# Bull red on the fly..4-09-11



## REDFISH101 (Mar 27, 2009)

Man it sure was foggy Sat. morning but near perfect conditions so i finaly made it to the spot.Started to throw a popper with only small trout interested so i switched to a bearded clam fly purchused at bass pro:thumbsup:.After a couple cast "FISH ON'' it was a blast since it was my first bull on the fly.:thumbup:


----------



## REDFISH101 (Mar 27, 2009)

sorry here they are the right way up.[/ATTACH]


----------



## jesse1378 (Mar 29, 2010)

nice catches.


----------



## daybreaker (Mar 23, 2011)

What a great fish on a flyrod.Thanks for the pictures.


----------



## REELGOOD (Oct 3, 2007)

Great job. Nice red.


----------



## fishn4fun (May 11, 2008)

Nice red!! I know that was a blast on the fly.


----------



## derb (Mar 26, 2011)

:thumbup1:


----------



## Tugboat (Mar 24, 2011)

Sure is a nice red and that's a good looking boat that's behind you in your pic bet they got a sweet deal on that


----------



## Johnms (Nov 29, 2010)

That middle fish is a Spanish Mackerel, how do keep them from biting through the tippet?


----------



## REDFISH101 (Mar 27, 2009)

Very nice boat behind me and super sweet deal on that one...:fishslap:


----------



## REDFISH101 (Mar 27, 2009)

Johnms said:


> That middle fish is a Spanish Mackerel, how do keep them from biting through the tippet?

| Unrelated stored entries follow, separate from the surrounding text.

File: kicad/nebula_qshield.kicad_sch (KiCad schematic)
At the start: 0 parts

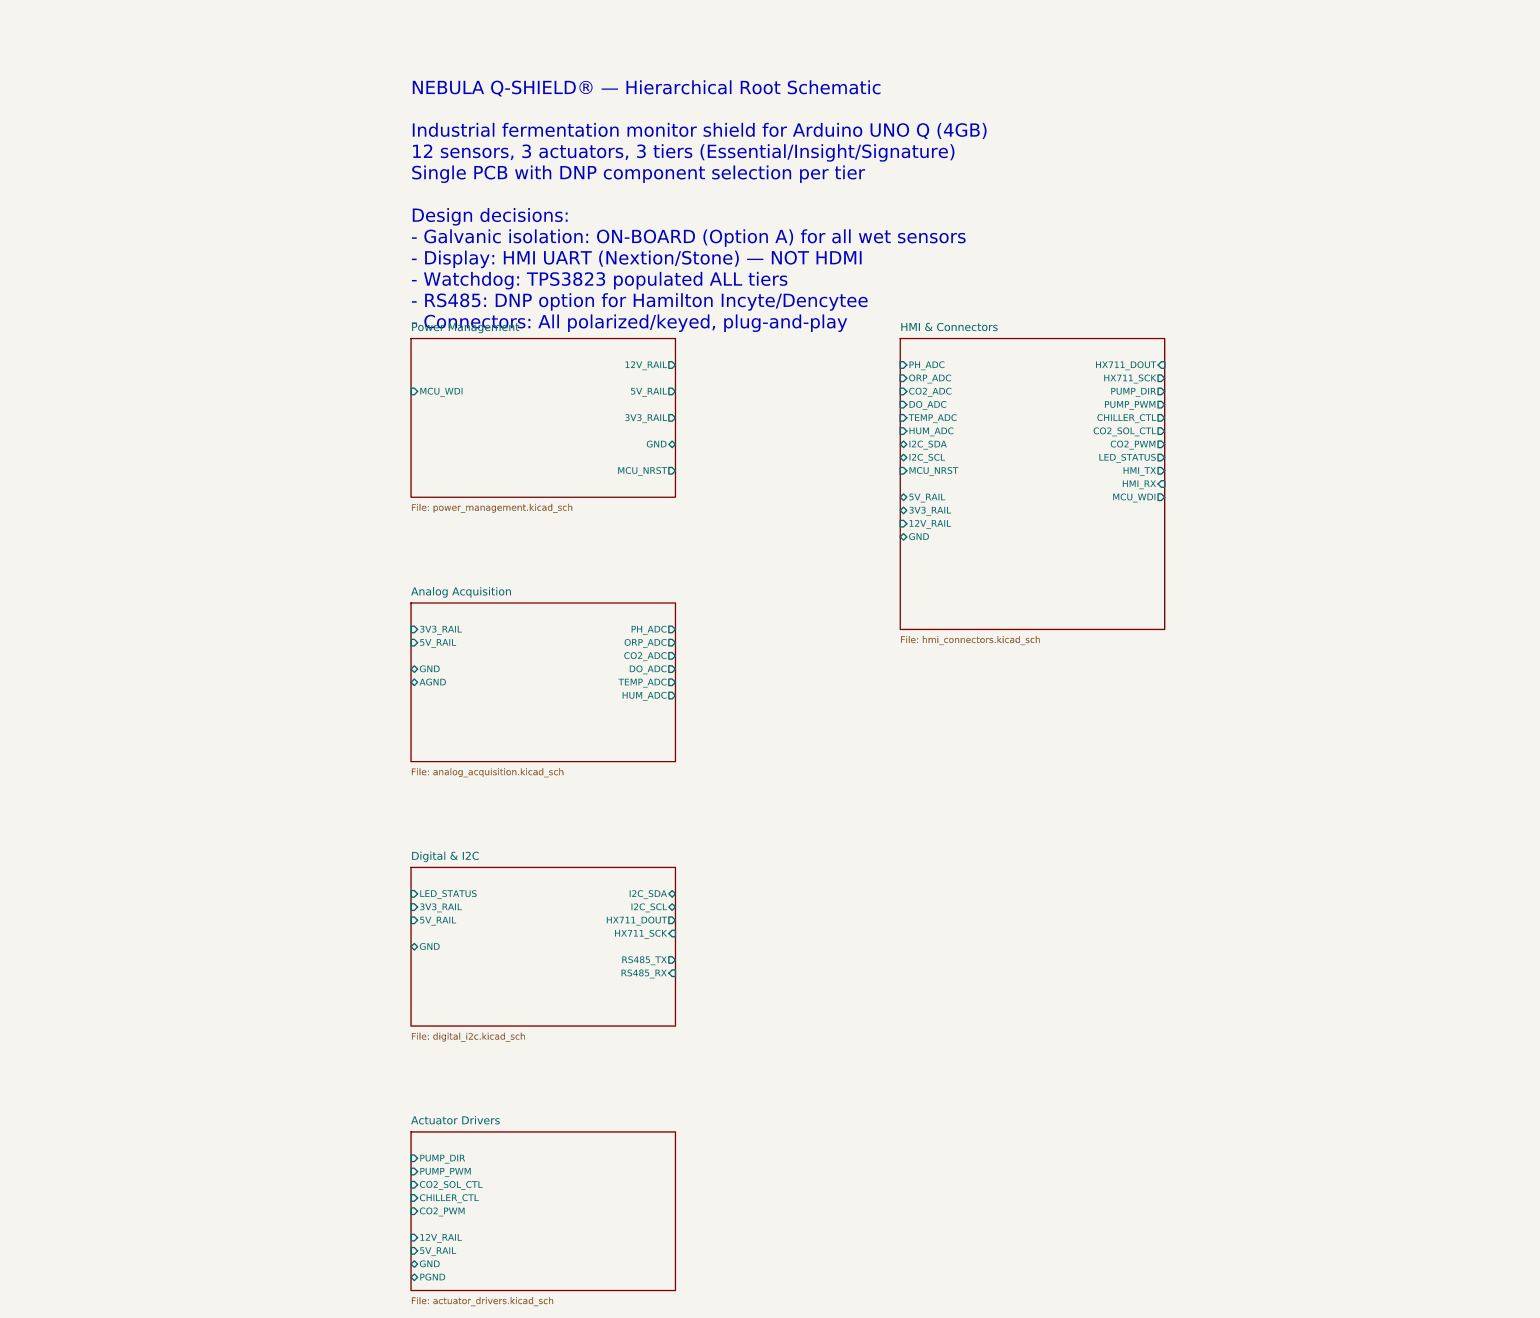
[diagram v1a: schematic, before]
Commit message: feat: Wire digital_i2c, actuator_drivers, hmi_connectors + root schematic — ERC violations 322→24 (acceptable)
Co-Authored-By: Devin AI <158243242+devin-ai-integration[bot]@users.noreply.github.com>
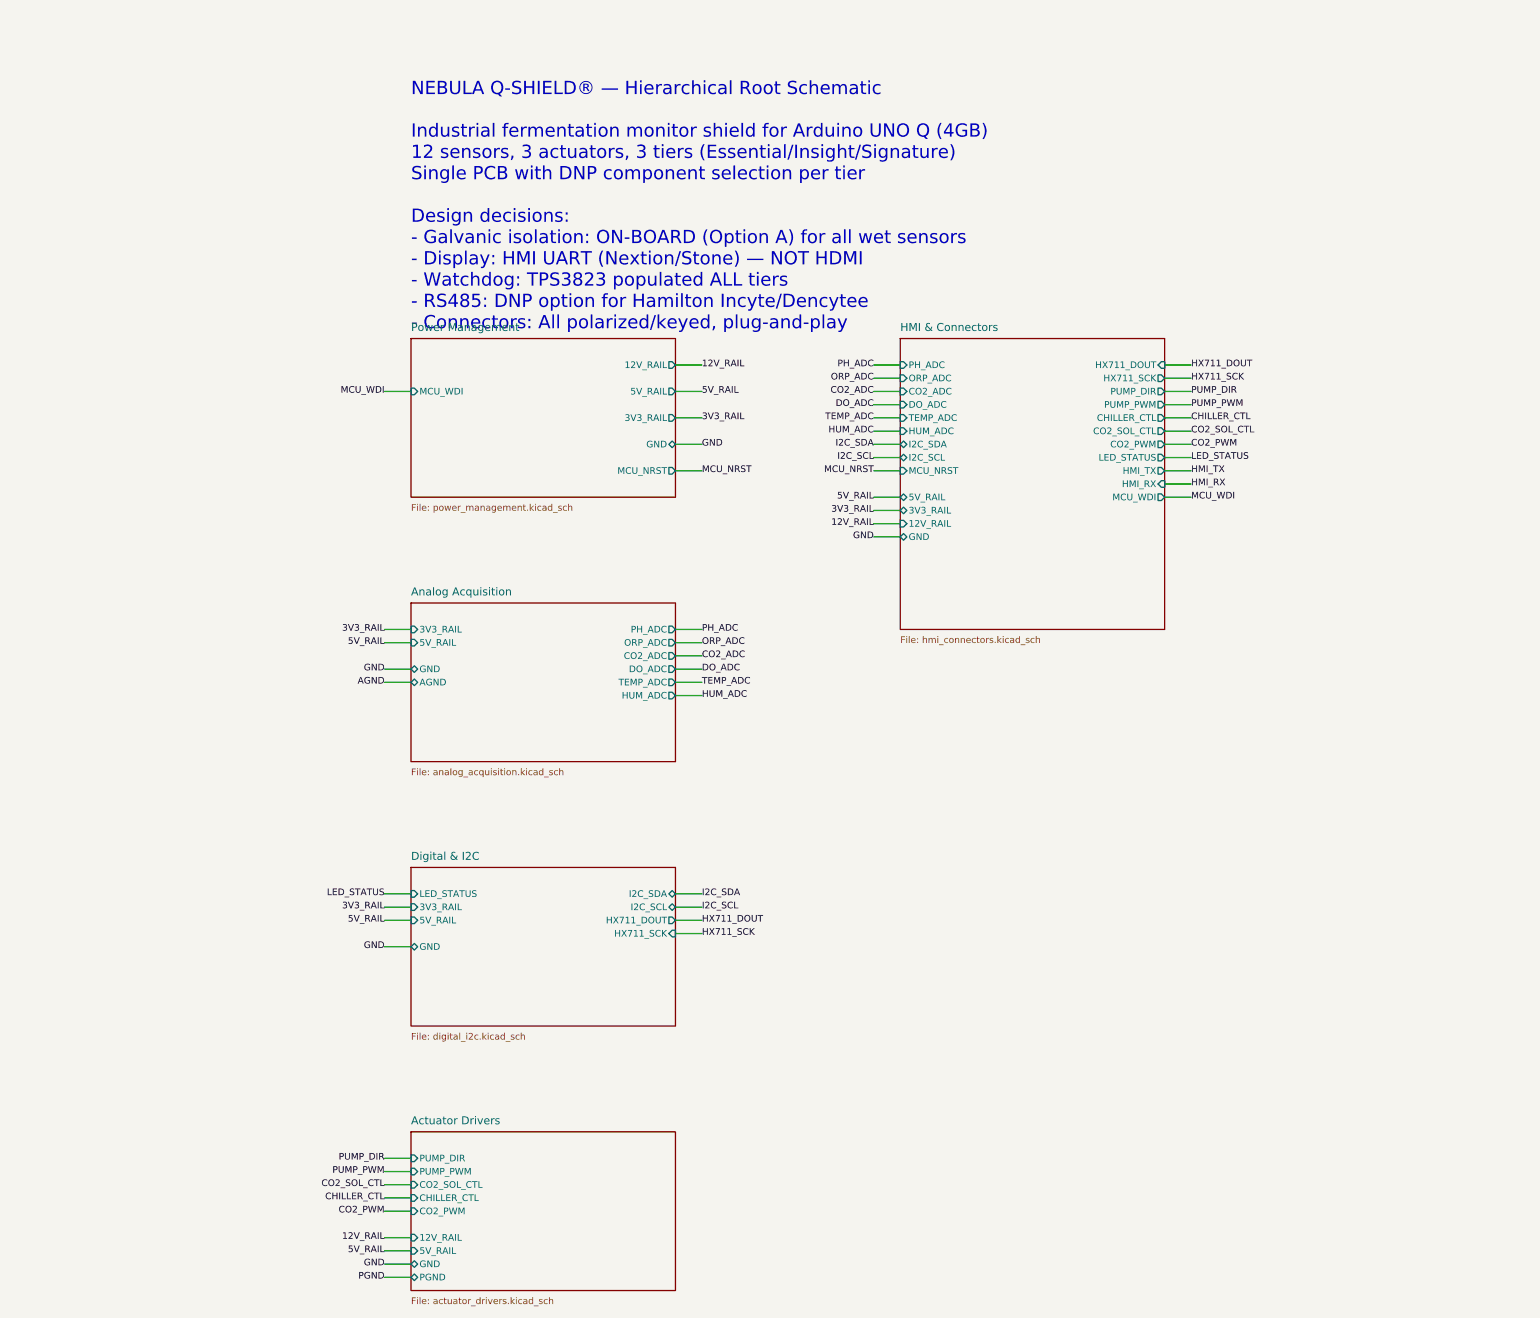
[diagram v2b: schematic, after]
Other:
- sheet Digital & I2C ports: added none; removed RS485_RX, RS485_TX
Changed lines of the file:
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@@
     (pin "HX711_SCK"  input       (at 76.2 165.1 0)     (effects (font (size 1.27 1.27))))
     (pin "LED_STATUS" input       (at 25.4 157.48 180)  (effects (font (size 1.27 1.27))))
-    (pin "RS485_TX"   output      (at 76.2 170.18 0)    (effects (font (size 1.27 1.27))))
-    (pin "RS485_RX"   input       (at 76.2 172.72 0)    (effects (font (size 1.27 1.27))))
     (pin "3V3_RAIL"   input       (at 25.4 160.02 180)  (effects (font (size 1.27 1.27))))
     (pin "5V_RAIL"    input       (at 25.4 162.56 180)  (effects (font (size 1.27 1.27))))
@@
     (effects (font (size 2.54 2.54)) (justify left))
   )
+  (wire (pts (xy 76.20 55.88) (xy 81.28 55.88)) (stroke (width 0) (type default)))
+  (label "12V_RAIL" (at 81.28 55.88 0) (effects (font (size 1.27 1.27))))
+  (wire (pts (xy 25.40 223.52) (xy 20.32 223.52)) (stroke (width 0) (type default)))
+  (label "12V_RAIL" (at 20.32 223.52 180) (effects (font (size 1.27 1.27))))
+  (wire (pts (xy 119.38 86.36) (xy 114.30 86.36)) (stroke (width 0) (type default)))
+  (label "12V_RAIL" (at 114.30 86.36 180) (effects (font (size 1.27 1.27))))
+  (wire (pts (xy 76.20 60.96) (xy 81.28 60.96)) (stroke (width 0) (type default)))
+  (label "5V_RAIL" (at 81.28 60.96 0) (effects (font (size 1.27 1.27))))
+  (wire (pts (xy 25.40 109.22) (xy 20.32 109.22)) (stroke (width 0) (type default)))
+  (label "5V_RAIL" (at 20.32 109.22 180) (effects (font (size 1.27 1.27))))
+  (wire (pts (xy 25.40 162.56) (xy 20.32 162.56)) (stroke (width 0) (type default)))
+  (label "5V_RAIL" (at 20.32 162.56 180) (effects (font (size 1.27 1.27))))
+  (wire (pts (xy 25.40 226.06) (xy 20.32 226.06)) (stroke (width 0) (type default)))
+  (label "5V_RAIL" (at 20.32 226.06 180) (effects (font (size 1.27 1.27))))
+  (wire (pts (xy 119.38 81.28) (xy 114.30 81.28)) (stroke (width 0) (type default)))
+  (label "5V_RAIL" (at 114.30 81.28 180) (effects (font (size 1.27 1.27))))
+  (wire (pts (xy 76.20 66.04) (xy 81.28 66.04)) (stroke (width 0) (type default)))
+  (label "3V3_RAIL" (at 81.28 66.04 0) (effects (font (size 1.27 1.27))))
+  (wire (pts (xy 25.40 106.68) (xy 20.32 106.68)) (stroke (width 0) (type default)))
+  (label "3V3_RAIL" (at 20.32 106.68 180) (effects (font (size 1.27 1.27))))
+  (wire (pts (xy 25.40 160.02) (xy 20.32 160.02)) (stroke (width 0) (type default)))
+  (label "3V3_RAIL" (at 20.32 160.02 180) (effects (font (size 1.27 1.27))))
+  (wire (pts (xy 119.38 83.82) (xy 114.30 83.82)) (stroke (width 0) (type default)))
+  (label "3V3_RAIL" (at 114.30 83.82 180) (effects (font (size 1.27 1.27))))
+  (wire (pts (xy 76.20 71.12) (xy 81.28 71.12)) (stroke (width 0) (type default)))
+  (label "GND" (at 81.28 71.12 0) (effects (font (size 1.27 1.27))))
+  (wire (pts (xy 25.40 114.30) (xy 20.32 114.30)) (stroke (width 0) (type default)))
+  (label "GND" (at 20.32 114.30 180) (effects (font (size 1.27 1.27))))
+  (wire (pts (xy 25.40 167.64) (xy 20.32 167.64)) (stroke (width 0) (type default)))
+  (label "GND" (at 20.32 167.64 180) (effects (font (size 1.27 1.27))))
+  (wire (pts (xy 25.40 228.60) (xy 20.32 228.60)) (stroke (width 0) (type default)))
+  (label "GND" (at 20.32 228.60 180) (effects (font (size 1.27 1.27))))
+  (wire (pts (xy 119.38 88.90) (xy 114.30 88.90)) (stroke (width 0) (type default)))
+  (label "GND" (at 114.30 88.90 180) (effects (font (size 1.27 1.27))))
+  (wire (pts (xy 25.40 231.14) (xy 20.32 231.14)) (stroke (width 0) (type default)))
+  (label "PGND" (at 20.32 231.14 180) (effects (font (size 1.27 1.27))))
+  (wire (pts (xy 25.40 116.84) (xy 20.32 116.84)) (stroke (width 0) (type default)))
+  (label "AGND" (at 20.32 116.84 180) (effects (font (size 1.27 1.27))))
+  (wire (pts (xy 76.20 106.68) (xy 81.28 106.68)) (stroke (width 0) (type default)))
+  (label "PH_ADC" (at 81.28 106.68 0) (effects (font (size 1.27 1.27))))
+  (wire (pts (xy 119.38 55.88) (xy 114.30 55.88)) (stroke (width 0) (type default)))
+  (label "PH_ADC" (at 114.30 55.88 180) (effects (font (size 1.27 1.27))))
+  (wire (pts (xy 76.20 109.22) (xy 81.28 109.22)) (stroke (width 0) (type default)))
+  (label "ORP_ADC" (at 81.28 109.22 0) (effects (font (size 1.27 1.27))))
+  (wire (pts (xy 119.38 58.42) (xy 114.30 58.42)) (stroke (width 0) (type default)))
+  (label "ORP_ADC" (at 114.30 58.42 180) (effects (font (size 1.27 1.27))))
+  (wire (pts (xy 76.20 111.76) (xy 81.28 111.76)) (stroke (width 0) (type default)))
+  (label "CO2_ADC" (at 81.28 111.76 0) (effects (font (size 1.27 1.27))))
+  (wire (pts (xy 119.38 60.96) (xy 114.30 60.96)) (stroke (width 0) (type default)))
+  (label "CO2_ADC" (at 114.30 60.96 180) (effects (font (size 1.27 1.27))))
+  (wire (pts (xy 76.20 114.30) (xy 81.28 114.30)) (stroke (width 0) (type default)))
+  (label "DO_ADC" (at 81.28 114.30 0) (effects (font (size 1.27 1.27))))
+  (wire (pts (xy 119.38 63.50) (xy 114.30 63.50)) (stroke (width 0) (type default)))
+  (label "DO_ADC" (at 114.30 63.50 180) (effects (font (size 1.27 1.27))))
+  (wire (pts (xy 76.20 116.84) (xy 81.28 116.84)) (stroke (width 0) (type default)))
+  (label "TEMP_ADC" (at 81.28 116.84 0) (effects (font (size 1.27 1.27))))
+  (wire (pts (xy 119.38 66.04) (xy 114.30 66.04)) (stroke (width 0) (type default)))
+  (label "TEMP_ADC" (at 114.30 66.04 180) (effects (font (size 1.27 1.27))))
+  (wire (pts (xy 76.20 119.38) (xy 81.28 119.38)) (stroke (width 0) (type default)))
+  (label "HUM_ADC" (at 81.28 119.38 0) (effects (font (size 1.27 1.27))))
+  (wire (pts (xy 119.38 68.58) (xy 114.30 68.58)) (stroke (width 0) (type default)))
+  (label "HUM_ADC" (at 114.30 68.58 180) (effects (font (size 1.27 1.27))))
+  (wire (pts (xy 76.20 157.48) (xy 81.28 157.48)) (stroke (width 0) (type default)))
+  (label "I2C_SDA" (at 81.28 157.48 0) (effects (font (size 1.27 1.27))))
+  (wire (pts (xy 119.38 71.12) (xy 114.30 71.12)) (stroke (width 0) (type default)))
+  (label "I2C_SDA" (at 114.30 71.12 180) (effects (font (size 1.27 1.27))))
+  (wire (pts (xy 76.20 160.02) (xy 81.28 160.02)) (stroke (width 0) (type default)))
+  (label "I2C_SCL" (at 81.28 160.02 0) (effects (font (size 1.27 1.27))))
+  (wire (pts (xy 119.38 73.66) (xy 114.30 73.66)) (stroke (width 0) (type default)))
+  (label "I2C_SCL" (at 114.30 73.66 180) (effects (font (size 1.27 1.27))))
+  (wire (pts (xy 76.20 162.56) (xy 81.28 162.56)) (stroke (width 0) (type default)))
+  (label "HX711_DOUT" (at 81.28 162.56 0) (effects (font (size 1.27 1.27))))
+  (wire (pts (xy 170.18 55.88) (xy 175.26 55.88)) (stroke (width 0) (type default)))
+  (label "HX711_DOUT" (at 175.26 55.88 0) (effects (font (size 1.27 1.27))))
+  (wire (pts (xy 76.20 165.10) (xy 81.28 165.10)) (stroke (width 0) (type default)))
+  (label "HX711_SCK" (at 81.28 165.10 0) (effects (font (size 1.27 1.27))))
+  (wire (pts (xy 170.18 58.42) (xy 175.26 58.42)) (stroke (width 0) (type default)))
+  (label "HX711_SCK" (at 175.26 58.42 0) (effects (font (size 1.27 1.27))))
+  (wire (pts (xy 170.18 60.96) (xy 175.26 60.96)) (stroke (width 0) (type default)))
+  (label "PUMP_DIR" (at 175.26 60.96 0) (effects (font (size 1.27 1.27))))
+  (wire (pts (xy 25.40 208.28) (xy 20.32 208.28)) (stroke (width 0) (type default)))
+  (label "PUMP_DIR" (at 20.32 208.28 180) (effects (font (size 1.27 1.27))))
+  (wire (pts (xy 170.18 63.50) (xy 175.26 63.50)) (stroke (width 0) (type default)))
+  (label "PUMP_PWM" (at 175.26 63.50 0) (effects (font (size 1.27 1.27))))
+  (wire (pts (xy 25.40 210.82) (xy 20.32 210.82)) (stroke (width 0) (type default)))
+  (label "PUMP_PWM" (at 20.32 210.82 180) (effects (font (size 1.27 1.27))))
+  (wire (pts (xy 170.18 68.58) (xy 175.26 68.58)) (stroke (width 0) (type default)))
+  (label "CO2_SOL_CTL" (at 175.26 68.58 0) (effects (font (size 1.27 1.27))))
+  (wire (pts (xy 25.40 213.36) (xy 20.32 213.36)) (stroke (width 0) (type default)))
+  (label "CO2_SOL_CTL" (at 20.32 213.36 180) (effects (font (size 1.27 1.27))))
+  (wire (pts (xy 170.18 66.04) (xy 175.26 66.04)) (stroke (width 0) (type default)))
+  (label "CHILLER_CTL" (at 175.26 66.04 0) (effects (font (size 1.27 1.27))))
+  (wire (pts (xy 25.40 215.90) (xy 20.32 215.90)) (stroke (width 0) (type default)))
+  (label "CHILLER_CTL" (at 20.32 215.90 180) (effects (font (size 1.27 1.27))))
+  (wire (pts (xy 170.18 71.12) (xy 175.26 71.12)) (stroke (width 0) (type default)))
+  (label "CO2_PWM" (at 175.26 71.12 0) (effects (font (size 1.27 1.27))))
+  (wire (pts (xy 25.40 218.44) (xy 20.32 218.44)) (stroke (width 0) (type default)))
+  (label "CO2_PWM" (at 20.32 218.44 180) (effects (font (size 1.27 1.27))))
+  (wire (pts (xy 170.18 73.66) (xy 175.26 73.66)) (stroke (width 0) (type default)))
+  (label "LED_STATUS" (at 175.26 73.66 0) (effects (font (size 1.27 1.27))))
+  (wire (pts (xy 25.40 157.48) (xy 20.32 157.48)) (stroke (width 0) (type default)))
+  (label "LED_STATUS" (at 20.32 157.48 180) (effects (font (size 1.27 1.27))))
+  (wire (pts (xy 170.18 81.28) (xy 175.26 81.28)) (stroke (width 0) (type default)))
+  (label "MCU_WDI" (at 175.26 81.28 0) (effects (font (size 1.27 1.27))))
+  (wire (pts (xy 25.40 60.96) (xy 20.32 60.96)) (stroke (width 0) (type default)))
+  (label "MCU_WDI" (at 20.32 60.96 180) (effects (font (size 1.27 1.27))))
+  (wire (pts (xy 76.20 76.20) (xy 81.28 76.20)) (stroke (width 0) (type default)))
+  (label "MCU_NRST" (at 81.28 76.20 0) (effects (font (size 1.27 1.27))))
+  (wire (pts (xy 119.38 76.20) (xy 114.30 76.20)) (stroke (width 0) (type default)))
+  (label "MCU_NRST" (at 114.30 76.20 180) (effects (font (size 1.27 1.27))))
+  (wire (pts (xy 170.18 76.20) (xy 175.26 76.20)) (stroke (width 0) (type default)))
+  (label "HMI_TX" (at 175.26 76.20 0) (effects (font (size 1.27 1.27))))
+  (wire (pts (xy 170.18 78.74) (xy 175.26 78.74)) (stroke (width 0) (type default)))
+  (label "HMI_RX" (at 175.26 78.74 0) (effects (font (size 1.27 1.27))))
 )

I always use a long shank eagle claw hooks #1 and #2s then just tie a little flash and white/green bucktail on 15lb florocarbon.I strip it really fast sometime double handed so that way they usually only gat just the hook works for me most the time.I do occasionaly get bite off by really big spanish.hope this helps:thumbsup:


----------